-- Instructions for the task --
If a line of the material holds the string "units", please copy it.
+++ Working data +++
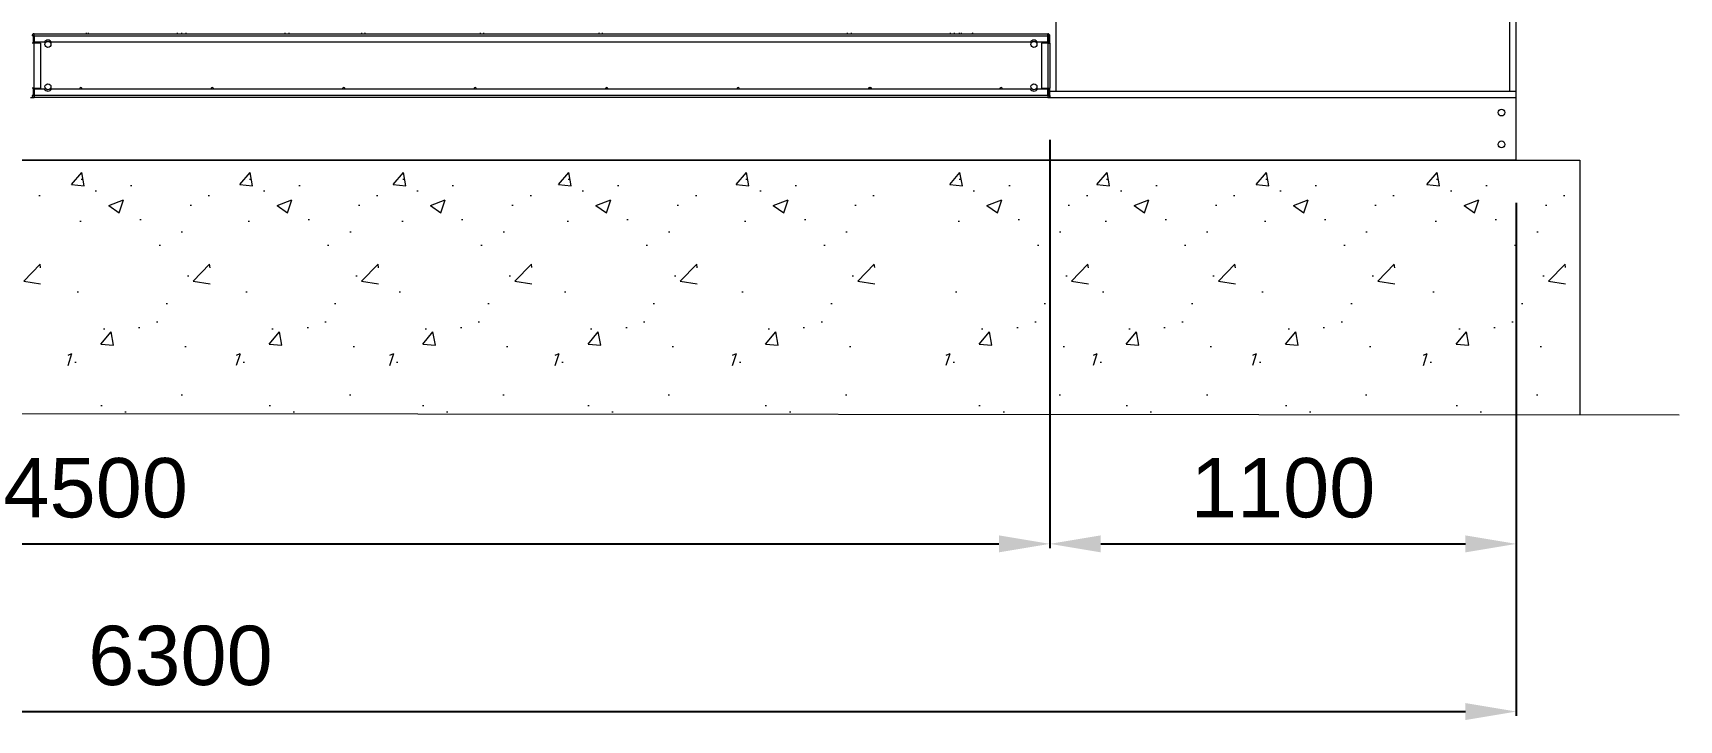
# Model space of a CAD drawing. Header units: millimetres. Extents: x -17070 to 46266, y -291348 to 34996.
# Drawn here: x 29554 to 33435, y 20315 to 21936 of the extents above; entities that cross this region are included whole.
import ezdxf

# ---------------------------------------------------------------- set-up
doc = ezdxf.new("R2010")
doc.units = ezdxf.units.MM
doc.layers.add('냉각탑_기초', color=23, linetype='Continuous')
doc.styles.get("Standard").update_dxf_attribs({"font": 'arial.ttf'})
doc.dimstyles.new('1.40', dxfattribs={"dimscale": 20, "dimtxt": 1.5, "dimasz": 1, "dimexe": 0.5, "dimexo": 0.5, "dimgap": 0.5, "dimtad": 1, "dimdec": 0, "dimzin": 0, "dimdsep": 46, "dimtxsty": 'Standard', "dimcen": 0, "dimclrd": 2, "dimclre": 2, "dimclrt": 3, "dimadec": 0, "dimazin": 0, "dimtfac": 1, "dimtdec": 0, "dimtmove": 0, "dimatfit": 0, "dimfxl": 1, "dimtolj": 1, "dimtzin": 0, "dimlwd": -1, "dimlwe": -1, "dimarcsym": 0})

# ---------------------------------------------------------------- blocks, each defined once
blk = doc.blocks.new('*D616')
at = {"color": 2, "transparency": 16777216}
for p, q in [((27451.6, 21683.6), (27451.6, 20720.7)), ((31951.6, 21683.6), (31951.6, 20720.7)), ((27571.6, 20730.7), (31831.6, 20730.7))]:
    blk.add_line(p, q, dxfattribs=at)
for points in [[(27571.6, 20750.7), (27571.6, 20710.7), (27451.6, 20730.7)], [(31831.6, 20750.7), (31831.6, 20710.7), (31951.6, 20730.7)]]:
    blk.add_solid(points, dxfattribs=at)
at = {"layer": 'Defpoints', "color": 0, "transparency": 16777216}
for p in [(27451.6, 21783.6), (31951.6, 21783.6), (31951.6, 20730.7)]:
    blk.add_point(p, dxfattribs=at)
at = {"color": 3, "lineweight": 5, "transparency": 16777216, "insert": (29701.6, 20862.2), "char_height": 140, "attachment_point": 5}
blk.add_mtext('\\A1;4500', dxfattribs=at)
blk = doc.blocks.new('*D617')
at = {"color": 2, "transparency": 16777216}
for p, q in [((31951.6, 21683.6), (31951.6, 20720.7)), ((33051.6, 21535.3), (33051.6, 20720.7)), ((32071.6, 20730.7), (32931.6, 20730.7))]:
    blk.add_line(p, q, dxfattribs=at)
for points in [[(32071.6, 20750.7), (32071.6, 20710.7), (31951.6, 20730.7)], [(32931.6, 20750.7), (32931.6, 20710.7), (33051.6, 20730.7)]]:
    blk.add_solid(points, dxfattribs=at)
at = {"layer": 'Defpoints', "color": 0, "transparency": 16777216}
for p in [(31951.6, 21783.6), (33051.6, 21635.3), (33051.6, 20730.7)]:
    blk.add_point(p, dxfattribs=at)
at = {"color": 3, "lineweight": 5, "transparency": 16777216, "insert": (32501.6, 20862.2), "char_height": 140, "attachment_point": 5}
blk.add_mtext('\\A1;1100', dxfattribs=at)
blk = doc.blocks.new('*D608')
at = {"color": 2, "transparency": 16777216}
for p, q in [((26751.6, 21535.3), (26751.6, 20325.2)), ((33051.6, 21535.3), (33051.6, 20325.2)), ((26871.6, 20335.2), (32931.6, 20335.2))]:
    blk.add_line(p, q, dxfattribs=at)
for points in [[(26871.6, 20355.2), (26871.6, 20315.2), (26751.6, 20335.2)], [(32931.6, 20355.2), (32931.6, 20315.2), (33051.6, 20335.2)]]:
    blk.add_solid(points, dxfattribs=at)
at = {"layer": 'Defpoints', "color": 0, "transparency": 16777216}
for p in [(26751.6, 21635.3), (33051.6, 21635.3), (33051.6, 20335.2)]:
    blk.add_point(p, dxfattribs=at)
at = {"color": 3, "lineweight": 5, "transparency": 16777216, "insert": (29901.6, 20466.7), "char_height": 140, "attachment_point": 5}
blk.add_mtext('\\A1;6300', dxfattribs=at)
blk = doc.blocks.new('1')
at = {"color": 0, "lineweight": 20}
for p, q in [((33051.6, 21783.6), (33051.6, 24183.6)), ((33036.6, 21798.6), (33036.6, 24168.6)), ((29548.1, 21783.6), (29556.3, 21783.6)), ((31946.9, 21783.6), (33051.6, 21783.6)), ((31951.6, 21798.6), (33051.6, 21798.6)), ((31951.6, 21788.3), (31951.6, 21783.6)), ((33051.6, 21635.3), (33051.6, 21783.6)), ((33051.6, 21635.3), (26751.6, 21635.3))]:
    blk.add_line(p, q, dxfattribs=at)
at = {"color": 7, "lineweight": 20}
for p, q in [((31966.6, 21798.6), (31966.6, 24168.6)), ((29556.3, 21933.6), (31946.9, 21933.6)), ((29556.3, 21928.9), (31946.9, 21928.9)), ((31905.5, 21913.6), (29597.8, 21913.6)), ((31946.9, 21788.3), (29556.3, 21788.3)), ((31946.9, 21783.6), (29556.3, 21783.6)), ((29597.8, 21803.6), (31905.5, 21803.6))]:
    blk.add_line(p, q, dxfattribs=at)
at = {"color": 7, "lineweight": 20, "ltscale": 0.002611}
for p, q in [((29556.3, 21928.9), (29556.3, 21933.6)), ((31946.9, 21928.9), (31946.9, 21933.6)), ((29556.3, 21911.6), (29551.6, 21911.6)), ((31946.9, 21911.6), (31951.6, 21911.6)), ((29556.3, 21805.6), (29551.6, 21805.6)), ((29556.3, 21788.3), (29556.3, 21783.6)), ((31946.9, 21805.6), (31951.6, 21805.6)), ((31946.9, 21788.3), (31946.9, 21783.6))]:
    blk.add_line(p, q, dxfattribs=at)
at = {"color": 7, "lineweight": 20, "ltscale": 0.001111}
for p, q in [((29679.1, 21935.6), (29679.1, 21933.6)), ((29683.8, 21935.6), (29683.8, 21933.6)), ((29893.8, 21935.6), (29893.8, 21933.6)), ((29905.1, 21933.6), (29905.1, 21935.6)), ((29915.1, 21933.6), (29915.1, 21935.6)), ((30148.1, 21933.6), (30148.1, 21935.6)), ((30158.1, 21933.6), (30158.1, 21935.6)), ((31474.1, 21933.6), (31474.1, 21935.6)), ((31484.1, 21933.6), (31484.1, 21935.6)), ((31717.1, 21933.6), (31717.1, 21935.6)), ((31727.1, 21933.6), (31727.1, 21935.6)), ((31738.4, 21933.6), (31738.4, 21935.6)), ((31743.1, 21933.6), (31743.1, 21935.6)), ((29556.3, 21913.6), (29556.3, 21911.6)), ((29556.3, 21805.6), (29556.3, 21803.6))]:
    blk.add_line(p, q, dxfattribs=at)
at = {"color": 7, "lineweight": 20, "ltscale": 0.002427}
blk.add_line((31766.9, 21933.6), (31770.8, 21935.6), dxfattribs=at)
at = {"color": 7, "lineweight": 20, "ltscale": 0.001778}
for p, q in [((29554.8, 21928.9), (29551.6, 21928.9)), ((31951.6, 21928.9), (31948.4, 21928.9)), ((29554.8, 21788.3), (29551.6, 21788.3)), ((31951.6, 21788.3), (31948.4, 21788.3))]:
    blk.add_line(p, q, dxfattribs=at)
at = {"color": 7, "lineweight": 20, "ltscale": 0.000833333}
for p, q in [((29556.3, 21928.9), (29554.8, 21928.9)), ((31946.9, 21928.9), (31948.4, 21928.9)), ((29556.3, 21788.3), (29554.8, 21788.3)), ((31946.9, 21788.3), (31948.4, 21788.3))]:
    blk.add_line(p, q, dxfattribs=at)
at = {"color": 7, "lineweight": 20, "ltscale": 0.009611}
for p, q in [((29554.8, 21911.6), (29554.8, 21928.9)), ((31946.9, 21911.6), (31946.9, 21928.9)), ((31948.4, 21928.9), (31948.4, 21911.6)), ((31951.6, 21911.6), (31951.6, 21928.9)), ((29554.8, 21788.3), (29554.8, 21805.6)), ((31946.9, 21788.3), (31946.9, 21805.6)), ((31948.4, 21805.6), (31948.4, 21788.3)), ((31951.6, 21788.3), (31951.6, 21805.6))]:
    blk.add_line(p, q, dxfattribs=at)
at = {"color": 7, "lineweight": 20, "ltscale": 0.0085}
for p, q in [((29556.3, 21928.9), (29556.3, 21913.6)), ((29571.6, 21911.6), (29556.3, 21911.6)), ((31946.9, 21911.6), (31931.6, 21911.6)), ((31946.9, 21913.6), (31946.9, 21928.9)), ((29556.3, 21805.6), (29571.6, 21805.6)), ((29556.3, 21803.6), (29556.3, 21788.3)), ((31931.6, 21805.6), (31946.9, 21805.6)), ((31946.9, 21788.3), (31946.9, 21803.6))]:
    blk.add_line(p, q, dxfattribs=at)
at = {"color": 7, "lineweight": 20, "ltscale": 0.013411}
for p, q in [((29580.5, 21913.6), (29556.3, 21913.6)), ((31946.9, 21913.6), (31922.8, 21913.6)), ((29556.3, 21803.6), (29580.5, 21803.6)), ((31922.8, 21803.6), (31946.9, 21803.6))]:
    blk.add_line(p, q, dxfattribs=at)
at = {"color": 7, "lineweight": 20, "ltscale": 0.058889}
for p, q in [((29556.3, 21805.6), (29556.3, 21911.6)), ((29571.6, 21911.6), (29571.6, 21805.6)), ((31931.6, 21911.6), (31931.6, 21805.6)), ((31946.9, 21911.6), (31946.9, 21805.6)), ((31951.6, 21911.6), (31951.6, 21805.6))]:
    blk.add_line(p, q, dxfattribs=at)
at = {"color": 7, "lineweight": 20}
for centre in [(29589.1, 21908.6), (31914.1, 21908.6), (29589.1, 21808.6), (31914.1, 21808.6)]:
    blk.add_circle(centre, 7, dxfattribs=at)
at = {"lineweight": 20}
for centre in [(33016.6, 21747.8), (33016.6, 21672.8)]:
    blk.add_circle(centre, 8, dxfattribs=at)
at = {"color": 7, "lineweight": 20}
for centre, radius, start, end in [((29556.3, 21928.9), 4.7, 90, 180), ((29621.9, 21928.9), 4.7, 89.7204, 90), ((30332.6, 21933.5), 4.5, 152.1892, 178.7331), ((30332.6, 21933.5), 4.5, 1.2712, 27.8108), ((30612.6, 21933.5), 4.5, 152.1892, 178.7331), ((30612.6, 21933.5), 4.5, 1.2712, 27.8108), ((30892.6, 21933.5), 4.5, 152.1892, 178.7331), ((30892.6, 21933.5), 4.5, 1.2712, 27.8108), ((31881.3, 21928.9), 4.7, 90, 90.2796), ((31946.9, 21928.9), 4.7, 0, 90), ((29556.3, 21928.9), 1.5, 90, 180), ((29589.1, 21908.6), 10, 29.9997, 150.0003), ((31914.1, 21908.6), 10, 29.9997, 150.0003), ((31946.9, 21928.9), 1.5, 0, 90), ((29556.3, 21788.3), 4.7, 180, 270), ((29556.3, 21788.3), 1.5, 180, 270), ((29589.1, 21808.6), 10, 210.0003, 329.9997), ((29666.6, 21803.6), 3, 359.999, 180.001), ((29976.6, 21803.6), 3, 359.999, 180.001), ((30286.6, 21803.6), 3, 359.999, 180.001), ((30596.6, 21803.6), 3, 359.999, 180.001), ((30906.6, 21803.6), 3, 359.999, 180.001), ((31216.6, 21803.6), 3, 359.999, 180.001), ((31526.6, 21803.6), 3, 359.999, 180.001), ((31528.6, 21803.6), 3, 359.999, 180.001), ((31836.6, 21803.6), 3, 359.999, 180.001), ((31914.1, 21808.6), 10, 210.0003, 329.9997), ((31946.9, 21788.3), 4.7, 270, 0), ((31946.9, 21788.3), 1.5, 270, 0)]:
    blk.add_arc(centre, radius, start, end, dxfattribs=at)

msp = doc.modelspace()

# ---------------------------------------------------------------- hatches: boundary and pattern name
at = {"layer": '냉각탑_기초', "lineweight": 20, "ltscale": 30}
h = msp.add_hatch(dxfattribs=at)
h.set_pattern_fill('AR-CONC', color=256, scale=50, style=0)
h.set_pattern_definition([(50, (14643.26, 5093.97), (358.63, -31.376), [37.5, -412.5]), (355, (14643.26, 5093.97), (-69.3757, 376.096), [30, -330]), (100.4514, (14673.14, 5091.35), (289.2547, 344.72), [31.87, -350.571]), (46.1842, (14643.26, 5193.97), (533.6205, -82.7595), [56.25, -618.75]), (96.6356, (14687.7, 5187.07), (467.331, 487.059), [47.805, -525.856]), (351.1842, (14643.26, 5193.97), (467.331, 487.059), [45, -495]), (21, (14693.26, 5168.97), (298.4535, -201.3094), [37.5, -412.5]), (326, (14693.26, 5168.97), (121.6577, 362.575), [30, -330]), (71.4514, (14718.13, 5152.2), (420.1113, 161.265), [31.87, -350.571]), (37.5, (14643.26, 5093.97), (6.0799, 166.4469), [0, -326, 0, -335, 0, -331.25]), (7.5, (14643.26, 5093.97), (131.5348, 197.2059), [0, -191, 0, -318.5, 0, -126.25]), (327.5, (14531.76, 5093.97), (266.9112, -11.2774), [0, -125, 0, -390, 0, -517.5]), (317.5, (14481.76, 5093.97), (291.593, 50.0525), [0, -162.5, 0, -259, 0, -367.5])])
h.paths.add_polyline_path([(29571.8, 21635.3), (29236.8, 21635.3), (29236.8, 21035.3), (29571.8, 21035.3)])
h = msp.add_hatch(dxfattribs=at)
+++
-- Answer area --
# Model space of a CAD drawing. Header units: millimetres. Extents: x -17070 to 46266, y -291348 to 34996.
doc.units = ezdxf.units.MM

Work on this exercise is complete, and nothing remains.